Por lo visto, la parada del tren seguía siendo la misma, incluso todavía estaban pegados los mismos carteles publicitarios, obviamente, entre muchos otros nuevos con un color más llamativo.

La muchacha de cabellos rosados miró al cielo. El sol de la mañana calentaba la atmósfera de la ciudad creando una sensación térmica muy agradable.

Jeremie, por el contrario, dejó las maletas en el suelo y encendió su teléfono móvil.

Aelita sacó una libreta de bolsillo prácticamente al mismo tiempo, la abrió por la primera página y empezó a dictar:

-Seis, cuatro, dos, nueve, seis, uno, uno, cincuenta y tres. –y cerró la libreta de un golpe.

El joven rubio había tecleado en su teléfono móvil todos los números a la perfección. Desplazó el puente de sus gafas hacia arriba por su tabique nasal y seguidamente deslizó su dedo índice por la pantalla táctil. Estaba llamando.

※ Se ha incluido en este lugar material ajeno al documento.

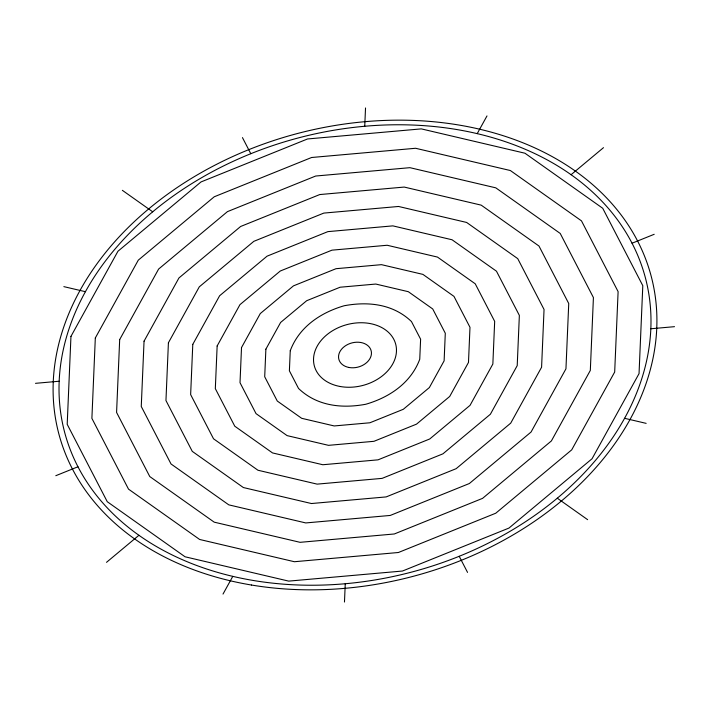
<?xml version="1.0" encoding="UTF-8"?>
<svg xmlns="http://www.w3.org/2000/svg" width="710" height="710" viewBox="0 0 710 710"><rect width="100%" height="100%" fill="white"/><g stroke="black" fill="none" stroke-linecap="round" stroke-linejoin="round"><path stroke-width="1.06" d="M344.474 602.036L345.255 583.735M364.745 126.265L365.526 107.964M223.011 594.075L232.782 576.369M477.218 133.631L486.989 115.925M106.509 562.338L138.92 535.287M571.08 174.713L603.491 147.662M55.797 475.709L77.958 466.772M632.042 243.228L654.203 234.291M35.5 383.329L59.17 381.234M650.83 328.765L674.5 326.671M63.847 286.636L85.413 291.695M624.587 418.305L646.153 423.364M122.36 190.324L152.703 211.802M557.297 498.198L587.64 519.676M242.456 137.607L250.79 153.706M459.21 556.294L467.544 572.393M70.956 336.38L67.201 424.323L107.272 501.721L185.053 556.782L288.704 581.117L402.455 571.035L508.981 528.062L592.06 458.74L639.044 373.62L642.798 285.677L602.728 208.279L524.947 153.218L421.296 128.883L307.545 138.965L201.019 181.938L117.94 251.26L70.956 336.38M95.317 337.978L91.892 418.376L128.519 489.137L199.634 539.467L294.393 561.725L398.381 552.504L495.766 513.215L571.719 449.838L614.683 372.022L618.108 291.624L581.481 220.863L510.366 170.533L415.607 148.275L311.619 157.496L214.234 196.785L138.281 260.162L95.317 337.978M119.679 339.575L116.582 412.43L149.774 476.552L214.207 522.161L300.082 542.325L394.316 533.973L482.56 498.367L551.386 440.937L590.321 370.425L593.418 297.57L560.226 233.448L495.793 187.839L409.918 167.675L315.684 176.027L227.44 211.633L158.614 269.063L119.679 339.575M144.05 341.173L141.263 406.484L171.021 463.967L228.789 504.854L305.77 522.933L390.243 515.442L469.354 483.528L531.053 432.044L565.95 368.827L568.737 303.516L538.979 246.033L481.211 205.146L404.23 187.067L319.757 194.558L240.646 226.472L178.947 277.956L144.05 341.173M168.412 342.77L165.954 400.538L192.277 451.374L243.37 487.548L311.45 503.532L386.169 496.911L456.148 468.68L510.721 423.142L541.588 367.23L544.046 309.462L517.723 258.626L466.63 222.452L398.55 206.468L323.831 213.089L253.852 241.32L199.279 286.858L168.412 342.77M192.783 344.368L190.644 394.591L213.524 438.789L257.943 470.233L317.139 484.131L382.104 478.371L442.933 453.832L490.379 414.241L517.217 365.632L519.356 315.409L496.476 271.211L452.057 239.767L392.861 225.869L327.896 231.629L267.067 256.168L219.621 295.759L192.783 344.368M217.145 345.965L215.325 388.645L234.77 426.204L272.525 452.927L322.828 464.739L378.031 459.84L429.727 438.984L470.047 405.348L492.855 364.035L494.675 321.355L475.23 283.796L437.475 257.073L387.172 245.261L331.969 250.16L280.272 271.016L239.953 304.652L217.145 345.965M241.515 347.563L240.015 382.699L256.026 413.619L287.097 435.62L328.517 445.339L373.957 441.309L416.521 424.145L449.714 396.446L468.485 362.437L469.984 327.301L453.974 296.381L422.903 274.38L381.483 264.661L336.043 268.691L293.478 285.855L260.286 313.554L241.515 347.563M265.877 349.16L264.706 376.753L277.273 401.035L301.679 418.305L334.197 425.947L369.892 422.778L403.307 409.297L429.381 387.545L444.123 360.84L445.294 333.247L432.727 308.965L408.321 291.695L375.803 284.053L340.108 287.222L306.693 300.703L280.619 322.455L265.877 349.16M290.248 350.758L289.387 370.806L298.528 388.45C316.829 406.014 341.794 408.756 365.819 404.247C389.408 397.378 410.868 383.036 419.752 359.242L420.613 339.194L411.472 321.55C393.171 303.986 368.206 301.244 344.181 305.753C320.592 312.622 299.132 326.964 290.248 350.758M349.205 367.514A16.703 12.469 -15 0 0 371.232 351.086A16.703 12.469 -15 0 0 344.563 346.4A16.703 12.469 -15 0 0 349.205 367.514M340.383 386.533A42.103 31.435 -15 0 0 395.923 345.14A42.103 31.435 -15 0 0 328.695 333.327A42.103 31.435 -15 0 0 340.383 386.533M253.461 580.505A300.481 224.351 -15 0 0 646.553 282.456A300.481 224.351 -15 0 0 164.986 202.039A300.481 224.351 -15 0 0 253.461 580.505M251.429 585.022A306.489 228.842 -15 0 0 652.384 281A306.489 228.842 -15 0 0 161.188 198.977A306.489 228.842 -15 0 0 251.429 585.022"/></g></svg>

Su novia se recogió el cabello con una goma y apoyó su barbilla en el hombro del muchacho, con el fin de poder ver la pantalla del dispositivo mejor.

Una voz mecánica de compañía telefónica sonó: "Este número no corresponde a ningún cliente, si desea.."

Jeremie colgó.

-¿Me has dictado bien los números, Aelita? –preguntó mientras arqueaba una ceja confuso.

-Pues claro, no soy idiota. –le respondió refunfuñando con una pizca de enfado.

Ambos dos comprobaron de nuevo todos los dígitos de la agenda con los marcados en el móvil. Eran los correctos.

-Genial –dijo Jeremie con un tono irónico -¿Cómo vamos a localizar a los demás si no tenemos sus números?

-Bueno, a mi se me ocurren dos cosas... -propuso la pelirrosa –podemos llamar a Odd y preguntarle si tiene el móvil de Yumi y Ulrich o ir directamente a casa de los Ishiyama. –conluyó.

Jeremie se frotó la barbilla pensativo:

-Lo primero no va a funcionar, llamé a Odd ayer y el único número que tiene de Ulrich es el que hemos probado ahora, así que nada... Pero a lo mejor Yumi sigue viviendo con sus padres. ¿Recuerdas la calle?

Aelita agarró la bolsa de mano y sonrió. Conocía el camino a la perfección.

El avión que salió de Miami con rumbo a Francia, volaba entre unas nubes densas de color grisaceo, aunque no mostraban un riesgo muy alto de tormenta en aquel momento.

En los asientos, ocupados en su totalidad prácticamente, se respiraba tranquilidad.

Muchos pasajeros leían, escuchaban música o miraban algún tipo de serie o película aislados de la realidad por los típicos auriculares de bolsillo.

Odd Della Robbia dormía en unos asientos de primera clase a pierna suelta. Su cabeza temblaba por las pequeñas turbulencias.

Todavía quedaban unas cuántas horas de vuelo.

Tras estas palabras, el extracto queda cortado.